I have some issues porting my CUDA software that works perfectly using the CUDA toolkit 5.0 and computing for architecture sm_20.
I tried to port it for Maxwell (Geforce GTX 960 and 970). I tried CUDA toolkit 6.5, where cubin works fine and ptx makes the driver to crash. I tried CUDA toolkit 7.0, where both cubin and ptx version crash the drive.
Then I simplified my code in order to find the problem. The following code has exactly the same behaviour as my software. I think it should work (and it works in some configurations).
Could anyone tell me if he/she can reproduce the problem or if there is anything wrong in my code?
I would be very helpful.
My configuration is :
Gainward Phantom Geforce GTX 960
Windows 7 Home Premium (SP1) (64bits)
NVIDIA Graphic driver version : 350.12
CUDA toolkits 6.5 and 7.0
I compile in 64 bits.
The code below simply adds one for each task to a global result.
maxwell.cu :
// Using CUDA toolkit 6.5 for GTX 970
// This code compiled with nvcc as cubin works in sm_52
// This code compiled with nvcc compiled as ptx then in cubin from this ptx works in sm_52
// This code compiled with nvcc as ptx and loaded directly by the driver causes a driver reboot.
#define BLOCK_HEIGHT 2
// Scheduler
__device__ unsigned int persistentTaskIndex;
__device__ int getTaskID()
{
__shared__ volatile int persistentBlockStart[BLOCK_HEIGHT];
if(threadIdx.x == 0)
persistentBlockStart[threadIdx.y] = atomicAdd(&persistentTaskIndex, warpSize);
int taskID = persistentBlockStart[threadIdx.y] + threadIdx.x;
return taskID;
}
// Atomic add for double.

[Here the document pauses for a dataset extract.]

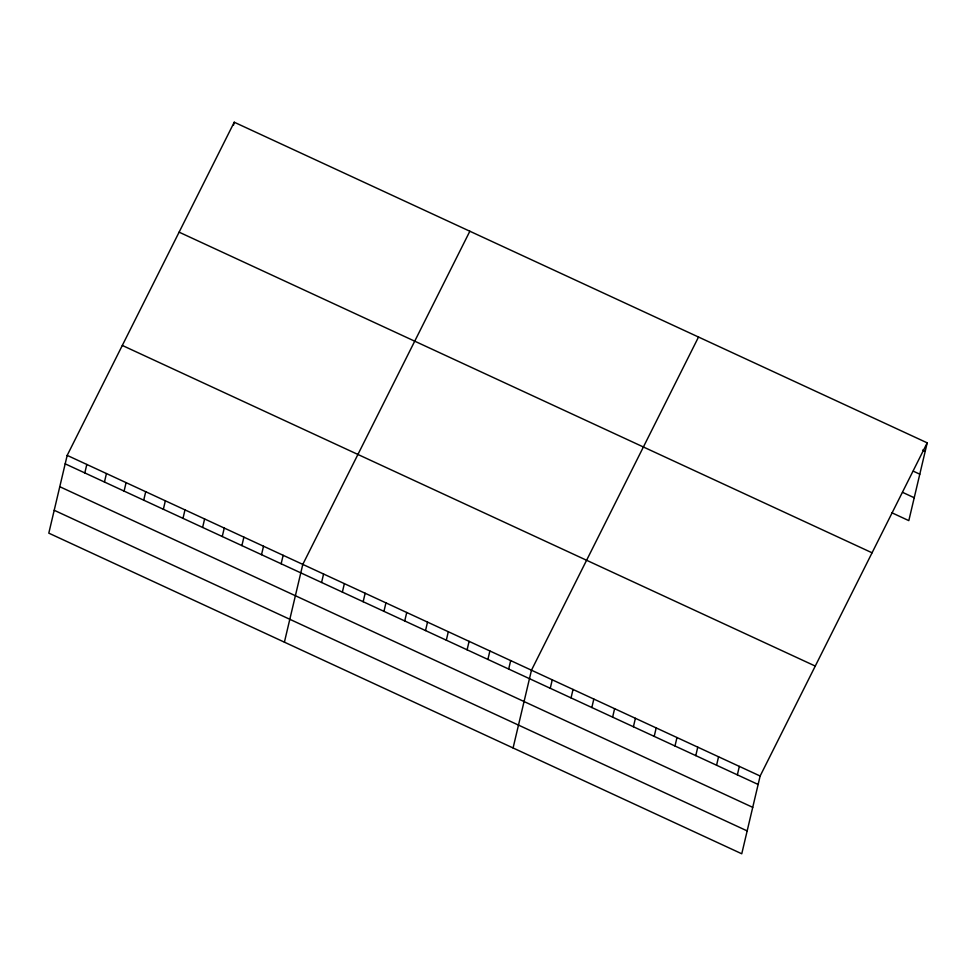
<?xml version="1.0" encoding="UTF-8"?>
<svg xmlns="http://www.w3.org/2000/svg" width="976" height="976" viewBox="0 0 976 976"><rect width="100%" height="100%" fill="white"/><g stroke="black" fill="none" stroke-linecap="round" stroke-linejoin="round"><path stroke-width="1.46" d="M67.185 455.377L48.8 533.152L741.76 853.78L760.133 776.018L927.2 442.848L234.24 122.22L67.185 455.377L760.133 776.018M84.814 472.921L86.815 464.466M104.456 482.01L106.445 473.555M124.086 491.099L126.087 482.632M143.716 500.176L145.717 491.721M233.581 125.038L234.24 122.22M163.358 509.265L165.347 500.81M182.988 518.341L184.989 509.887M202.618 527.43L204.618 518.976M222.26 536.519L224.248 528.065M241.889 545.596L243.89 537.142M261.519 554.685L263.52 546.231M281.149 563.774L283.15 555.307M284.406 642.159L302.792 564.396L469.846 231.239M321.58 582.477L323.581 574.022M342.369 592.09L344.369 583.636M363.157 601.716L365.158 593.249M383.946 611.33L385.947 602.875M404.735 620.943L406.736 612.489M425.524 630.569L427.525 622.115M446.313 640.183L448.313 631.728M467.101 649.809L469.102 641.354M487.89 659.422L489.891 650.968M508.679 669.048L510.68 660.581M513.083 747.97L531.469 670.207L698.523 337.037M550.257 688.287L552.257 679.821M571.045 697.901L573.034 689.446M591.834 707.515L593.823 699.06M612.623 717.14L614.612 708.686M633.412 726.754L635.4 718.299M654.201 736.38L656.189 727.925M674.989 745.993L676.978 737.539M695.778 755.619L697.767 747.152M716.567 765.233L718.556 756.778M737.356 774.846L739.344 766.392M927.2 442.848L908.815 520.623L891.93 512.803M922.601 450.107L925.199 451.302M913.292 471.176L919.795 474.177M902.532 492.331L914.219 497.748M179.12 232.166L872.068 552.794M122.317 345.443L815.265 666.071M65.185 463.844L758.145 784.472M59.78 486.707L752.728 807.347M54.205 510.277L747.165 830.905"/></g></svg>

Implementation provided by NVIDIA
__forceinline__ __device__ double atomicAdd(double * address, double val)
{
unsigned long long int * address_as_ull = (unsigned long long int*)address;
unsigned long long int old = *address_as_ull, assumed;
do
{
assumed = old;
old = atomicCAS(address_as_ull, assumed,
__double_as_longlong(val +
__longlong_as_double(assumed)));
} while (assumed != old);
return __longlong_as_double(old);
}
__device__ int g_taskCount;
__device__ double * o_result;
extern "C" __global__ void accumulationKernel()
{
int taskCount = g_taskCount;
int taskID;
#define ACCUMULATE_WARP_SIZE 32 // Must be power of two
#define ACCUMULATE_BLOCK_HEIGHT 32
__shared__ double reduction[ACCUMULATE_WARP_SIZE][ACCUMULATE_BLOCK_HEIGHT];
while (1)
{
taskID = getTaskID();
reduction[threadIdx.y][threadIdx.x] = 0;
if (taskID >= taskCount)
return;
int outputPosition = 0;
#define DOUBLE_REDUCTION(OUTPUT, INPUT) \
reduction[threadIdx.y][threadIdx.x] = INPUT; \
if(threadIdx.x < 16) reduction[threadIdx.y][threadIdx.x] += reduction[threadIdx.y][threadIdx.x+16]; \
if(threadIdx.x < 8) reduction[threadIdx.y][threadIdx.x] += reduction[threadIdx.y][threadIdx.x+8]; \
if(threadIdx.x < 4) reduction[threadIdx.y][threadIdx.x] += reduction[threadIdx.y][threadIdx.x+4]; \
if(threadIdx.x < 2) reduction[threadIdx.y][threadIdx.x] += reduction[threadIdx.y][threadIdx.x+2]; \
if(threadIdx.x < 1) \
{\
reduction[threadIdx.y][0] += reduction[threadIdx.y][1]; \
atomicAdd(&OUTPUT[outputPosition], reduction[threadIdx.y][0]);\
}
DOUBLE_REDUCTION(o_result, 1.0)
}
}
main.cpp :
// CUDA header
#include <cuda.h>
#include <stdio.h>
static CUdevice cuDevice;
static CUcontext cuContext;
static CUmodule cuModule;
static CUfunction kernelFunction;
static CUresult error;
static CUdeviceptr buffer_dPtr;
CUdeviceptr o_result_dPtr;
// CUDA tools
#define CUDA_CHECK_ERROR(err) safeCudaCall(err, __FILE__, __LINE__)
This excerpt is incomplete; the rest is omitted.